DESCRIPTION OF THE TASK
Restate the records word for word, omitting nothing.

Recorded data:
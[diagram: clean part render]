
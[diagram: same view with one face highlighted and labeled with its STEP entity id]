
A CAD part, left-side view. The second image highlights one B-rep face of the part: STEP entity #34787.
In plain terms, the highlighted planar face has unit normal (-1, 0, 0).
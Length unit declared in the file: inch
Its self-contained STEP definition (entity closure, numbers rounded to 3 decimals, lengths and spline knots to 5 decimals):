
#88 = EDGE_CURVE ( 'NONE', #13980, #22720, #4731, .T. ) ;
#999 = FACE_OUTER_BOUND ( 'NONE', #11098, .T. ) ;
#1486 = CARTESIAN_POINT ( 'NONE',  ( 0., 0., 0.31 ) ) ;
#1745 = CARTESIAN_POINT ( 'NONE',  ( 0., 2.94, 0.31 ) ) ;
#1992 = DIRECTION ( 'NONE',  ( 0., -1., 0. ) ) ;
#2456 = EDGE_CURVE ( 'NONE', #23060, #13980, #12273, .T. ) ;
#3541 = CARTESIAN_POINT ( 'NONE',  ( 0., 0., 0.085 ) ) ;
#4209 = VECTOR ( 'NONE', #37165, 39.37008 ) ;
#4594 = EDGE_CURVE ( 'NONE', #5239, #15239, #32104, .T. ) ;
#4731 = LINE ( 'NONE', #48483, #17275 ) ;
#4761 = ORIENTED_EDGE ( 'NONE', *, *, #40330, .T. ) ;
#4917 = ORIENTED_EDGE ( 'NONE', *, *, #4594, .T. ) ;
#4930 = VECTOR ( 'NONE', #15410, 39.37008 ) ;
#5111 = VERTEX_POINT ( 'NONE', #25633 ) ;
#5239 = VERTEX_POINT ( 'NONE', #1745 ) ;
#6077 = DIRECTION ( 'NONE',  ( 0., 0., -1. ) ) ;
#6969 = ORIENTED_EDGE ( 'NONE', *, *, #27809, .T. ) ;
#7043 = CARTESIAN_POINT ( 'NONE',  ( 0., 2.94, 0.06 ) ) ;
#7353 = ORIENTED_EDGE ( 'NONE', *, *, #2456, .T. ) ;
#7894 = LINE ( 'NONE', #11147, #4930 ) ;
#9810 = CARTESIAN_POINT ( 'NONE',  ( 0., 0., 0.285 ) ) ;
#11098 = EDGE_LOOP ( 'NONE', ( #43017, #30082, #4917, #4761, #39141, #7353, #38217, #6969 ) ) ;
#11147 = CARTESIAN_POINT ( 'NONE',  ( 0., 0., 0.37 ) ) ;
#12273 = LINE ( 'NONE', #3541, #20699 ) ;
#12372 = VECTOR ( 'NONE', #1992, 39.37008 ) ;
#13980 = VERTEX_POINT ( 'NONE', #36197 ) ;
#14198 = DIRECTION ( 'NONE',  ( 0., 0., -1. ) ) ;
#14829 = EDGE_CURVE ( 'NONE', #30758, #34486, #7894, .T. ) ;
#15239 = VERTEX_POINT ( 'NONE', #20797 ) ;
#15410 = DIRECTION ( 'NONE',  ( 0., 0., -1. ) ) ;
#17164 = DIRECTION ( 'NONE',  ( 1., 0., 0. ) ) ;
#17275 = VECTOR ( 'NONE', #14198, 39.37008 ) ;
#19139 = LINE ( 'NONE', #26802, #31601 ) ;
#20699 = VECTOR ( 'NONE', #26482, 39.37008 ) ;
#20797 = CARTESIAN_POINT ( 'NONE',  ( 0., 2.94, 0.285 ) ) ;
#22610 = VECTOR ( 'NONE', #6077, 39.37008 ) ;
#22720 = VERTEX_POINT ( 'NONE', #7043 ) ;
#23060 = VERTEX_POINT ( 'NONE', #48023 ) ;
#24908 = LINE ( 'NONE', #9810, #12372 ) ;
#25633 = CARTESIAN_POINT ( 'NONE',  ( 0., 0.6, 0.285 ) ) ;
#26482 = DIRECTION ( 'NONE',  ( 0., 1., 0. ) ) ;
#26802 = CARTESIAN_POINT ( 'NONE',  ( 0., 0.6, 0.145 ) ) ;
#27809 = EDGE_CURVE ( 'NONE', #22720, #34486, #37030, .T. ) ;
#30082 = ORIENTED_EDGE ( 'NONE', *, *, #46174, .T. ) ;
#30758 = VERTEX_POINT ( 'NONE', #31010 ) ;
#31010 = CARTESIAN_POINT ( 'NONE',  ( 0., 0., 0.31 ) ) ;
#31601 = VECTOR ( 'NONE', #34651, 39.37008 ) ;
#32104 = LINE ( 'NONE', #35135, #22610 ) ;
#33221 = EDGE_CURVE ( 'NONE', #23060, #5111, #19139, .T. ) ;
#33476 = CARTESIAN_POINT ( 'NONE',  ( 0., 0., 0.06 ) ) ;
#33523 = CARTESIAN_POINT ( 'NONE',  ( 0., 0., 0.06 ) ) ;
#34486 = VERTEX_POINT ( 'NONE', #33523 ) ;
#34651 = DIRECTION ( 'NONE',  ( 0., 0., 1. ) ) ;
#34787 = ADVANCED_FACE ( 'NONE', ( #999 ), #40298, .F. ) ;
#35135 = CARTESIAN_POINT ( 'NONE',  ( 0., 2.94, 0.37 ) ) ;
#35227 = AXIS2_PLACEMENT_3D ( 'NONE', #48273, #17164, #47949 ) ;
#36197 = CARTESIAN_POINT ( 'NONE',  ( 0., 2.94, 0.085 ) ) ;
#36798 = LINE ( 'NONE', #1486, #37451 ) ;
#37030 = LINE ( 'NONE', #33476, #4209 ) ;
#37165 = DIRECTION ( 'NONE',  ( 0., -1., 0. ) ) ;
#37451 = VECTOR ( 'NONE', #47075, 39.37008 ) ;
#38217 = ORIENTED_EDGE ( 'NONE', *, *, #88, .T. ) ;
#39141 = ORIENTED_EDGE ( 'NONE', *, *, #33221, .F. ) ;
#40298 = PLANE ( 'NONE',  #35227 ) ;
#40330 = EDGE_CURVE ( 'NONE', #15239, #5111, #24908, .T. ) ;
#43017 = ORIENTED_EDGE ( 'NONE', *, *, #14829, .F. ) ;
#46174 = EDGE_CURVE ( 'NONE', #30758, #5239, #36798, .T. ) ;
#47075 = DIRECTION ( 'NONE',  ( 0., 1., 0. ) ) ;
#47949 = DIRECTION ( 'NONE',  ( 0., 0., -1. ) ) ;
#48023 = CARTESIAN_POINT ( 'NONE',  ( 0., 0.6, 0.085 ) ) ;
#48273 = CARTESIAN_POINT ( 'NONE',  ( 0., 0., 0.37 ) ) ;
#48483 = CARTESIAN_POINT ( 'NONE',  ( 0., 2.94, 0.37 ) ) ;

OUTPUT FOR THIS TASK
[diagram: clean part render]
[diagram: same view with one face highlighted and labeled with its STEP entity id]
A CAD part, left-side view. The second image highlights one B-rep face of the part: STEP entity #34787.
In plain terms, the highlighted planar face has unit normal (-1, 0, 0).
Length unit declared in the file: inch
Its self-contained STEP definition (entity closure, numbers rounded to 3 decimals, lengths and spline knots to 5 decimals):
#88 = EDGE_CURVE ( 'NONE', #13980, #22720, #4731, .T. ) ;
#999 = FACE_OUTER_BOUND ( 'NONE', #11098, .T. ) ;
#1486 = CARTESIAN_POINT ( 'NONE',  ( 0., 0., 0.31 ) ) ;
#1745 = CARTESIAN_POINT ( 'NONE',  ( 0., 2.94, 0.31 ) ) ;
#1992 = DIRECTION ( 'NONE',  ( 0., -1., 0. ) ) ;
#2456 = EDGE_CURVE ( 'NONE', #23060, #13980, #12273, .T. ) ;
#3541 = CARTESIAN_POINT ( 'NONE',  ( 0., 0., 0.085 ) ) ;
#4209 = VECTOR ( 'NONE', #37165, 39.37008 ) ;
#4594 = EDGE_CURVE ( 'NONE', #5239, #15239, #32104, .T. ) ;
#4731 = LINE ( 'NONE', #48483, #17275 ) ;
#4761 = ORIENTED_EDGE ( 'NONE', *, *, #40330, .T. ) ;
#4917 = ORIENTED_EDGE ( 'NONE', *, *, #4594, .T. ) ;
#4930 = VECTOR ( 'NONE', #15410, 39.37008 ) ;
#5111 = VERTEX_POINT ( 'NONE', #25633 ) ;
#5239 = VERTEX_POINT ( 'NONE', #1745 ) ;
#6077 = DIRECTION ( 'NONE',  ( 0., 0., -1. ) ) ;
#6969 = ORIENTED_EDGE ( 'NONE', *, *, #27809, .T. ) ;
#7043 = CARTESIAN_POINT ( 'NONE',  ( 0., 2.94, 0.06 ) ) ;
#7353 = ORIENTED_EDGE ( 'NONE', *, *, #2456, .T. ) ;
#7894 = LINE ( 'NONE', #11147, #4930 ) ;
#9810 = CARTESIAN_POINT ( 'NONE',  ( 0., 0., 0.285 ) ) ;
#11098 = EDGE_LOOP ( 'NONE', ( #43017, #30082, #4917, #4761, #39141, #7353, #38217, #6969 ) ) ;
#11147 = CARTESIAN_POINT ( 'NONE',  ( 0., 0., 0.37 ) ) ;
#12273 = LINE ( 'NONE', #3541, #20699 ) ;
#12372 = VECTOR ( 'NONE', #1992, 39.37008 ) ;
#13980 = VERTEX_POINT ( 'NONE', #36197 ) ;
#14198 = DIRECTION ( 'NONE',  ( 0., 0., -1. ) ) ;
#14829 = EDGE_CURVE ( 'NONE', #30758, #34486, #7894, .T. ) ;
#15239 = VERTEX_POINT ( 'NONE', #20797 ) ;
#15410 = DIRECTION ( 'NONE',  ( 0., 0., -1. ) ) ;
#17164 = DIRECTION ( 'NONE',  ( 1., 0., 0. ) ) ;
#17275 = VECTOR ( 'NONE', #14198, 39.37008 ) ;
#19139 = LINE ( 'NONE', #26802, #31601 ) ;
#20699 = VECTOR ( 'NONE', #26482, 39.37008 ) ;
#20797 = CARTESIAN_POINT ( 'NONE',  ( 0., 2.94, 0.285 ) ) ;
#22610 = VECTOR ( 'NONE', #6077, 39.37008 ) ;
#22720 = VERTEX_POINT ( 'NONE', #7043 ) ;
#23060 = VERTEX_POINT ( 'NONE', #48023 ) ;
#24908 = LINE ( 'NONE', #9810, #12372 ) ;
#25633 = CARTESIAN_POINT ( 'NONE',  ( 0., 0.6, 0.285 ) ) ;
#26482 = DIRECTION ( 'NONE',  ( 0., 1., 0. ) ) ;
#26802 = CARTESIAN_POINT ( 'NONE',  ( 0., 0.6, 0.145 ) ) ;
#27809 = EDGE_CURVE ( 'NONE', #22720, #34486, #37030, .T. ) ;
#30082 = ORIENTED_EDGE ( 'NONE', *, *, #46174, .T. ) ;
#30758 = VERTEX_POINT ( 'NONE', #31010 ) ;
#31010 = CARTESIAN_POINT ( 'NONE',  ( 0., 0., 0.31 ) ) ;
#31601 = VECTOR ( 'NONE', #34651, 39.37008 ) ;
#32104 = LINE ( 'NONE', #35135, #22610 ) ;
#33221 = EDGE_CURVE ( 'NONE', #23060, #5111, #19139, .T. ) ;
#33476 = CARTESIAN_POINT ( 'NONE',  ( 0., 0., 0.06 ) ) ;
#33523 = CARTESIAN_POINT ( 'NONE',  ( 0., 0., 0.06 ) ) ;
#34486 = VERTEX_POINT ( 'NONE', #33523 ) ;
#34651 = DIRECTION ( 'NONE',  ( 0., 0., 1. ) ) ;
#34787 = ADVANCED_FACE ( 'NONE', ( #999 ), #40298, .F. ) ;
#35135 = CARTESIAN_POINT ( 'NONE',  ( 0., 2.94, 0.37 ) ) ;
#35227 = AXIS2_PLACEMENT_3D ( 'NONE', #48273, #17164, #47949 ) ;
#36197 = CARTESIAN_POINT ( 'NONE',  ( 0., 2.94, 0.085 ) ) ;
#36798 = LINE ( 'NONE', #1486, #37451 ) ;
#37030 = LINE ( 'NONE', #33476, #4209 ) ;
#37165 = DIRECTION ( 'NONE',  ( 0., -1., 0. ) ) ;
#37451 = VECTOR ( 'NONE', #47075, 39.37008 ) ;
#38217 = ORIENTED_EDGE ( 'NONE', *, *, #88, .T. ) ;
#39141 = ORIENTED_EDGE ( 'NONE', *, *, #33221, .F. ) ;
#40298 = PLANE ( 'NONE',  #35227 ) ;
#40330 = EDGE_CURVE ( 'NONE', #15239, #5111, #24908, .T. ) ;
#43017 = ORIENTED_EDGE ( 'NONE', *, *, #14829, .F. ) ;
#46174 = EDGE_CURVE ( 'NONE', #30758, #5239, #36798, .T. ) ;
#47075 = DIRECTION ( 'NONE',  ( 0., 1., 0. ) ) ;
#47949 = DIRECTION ( 'NONE',  ( 0., 0., -1. ) ) ;
#48023 = CARTESIAN_POINT ( 'NONE',  ( 0., 0.6, 0.085 ) ) ;
#48273 = CARTESIAN_POINT ( 'NONE',  ( 0., 0., 0.37 ) ) ;
#48483 = CARTESIAN_POINT ( 'NONE',  ( 0., 2.94, 0.37 ) ) ;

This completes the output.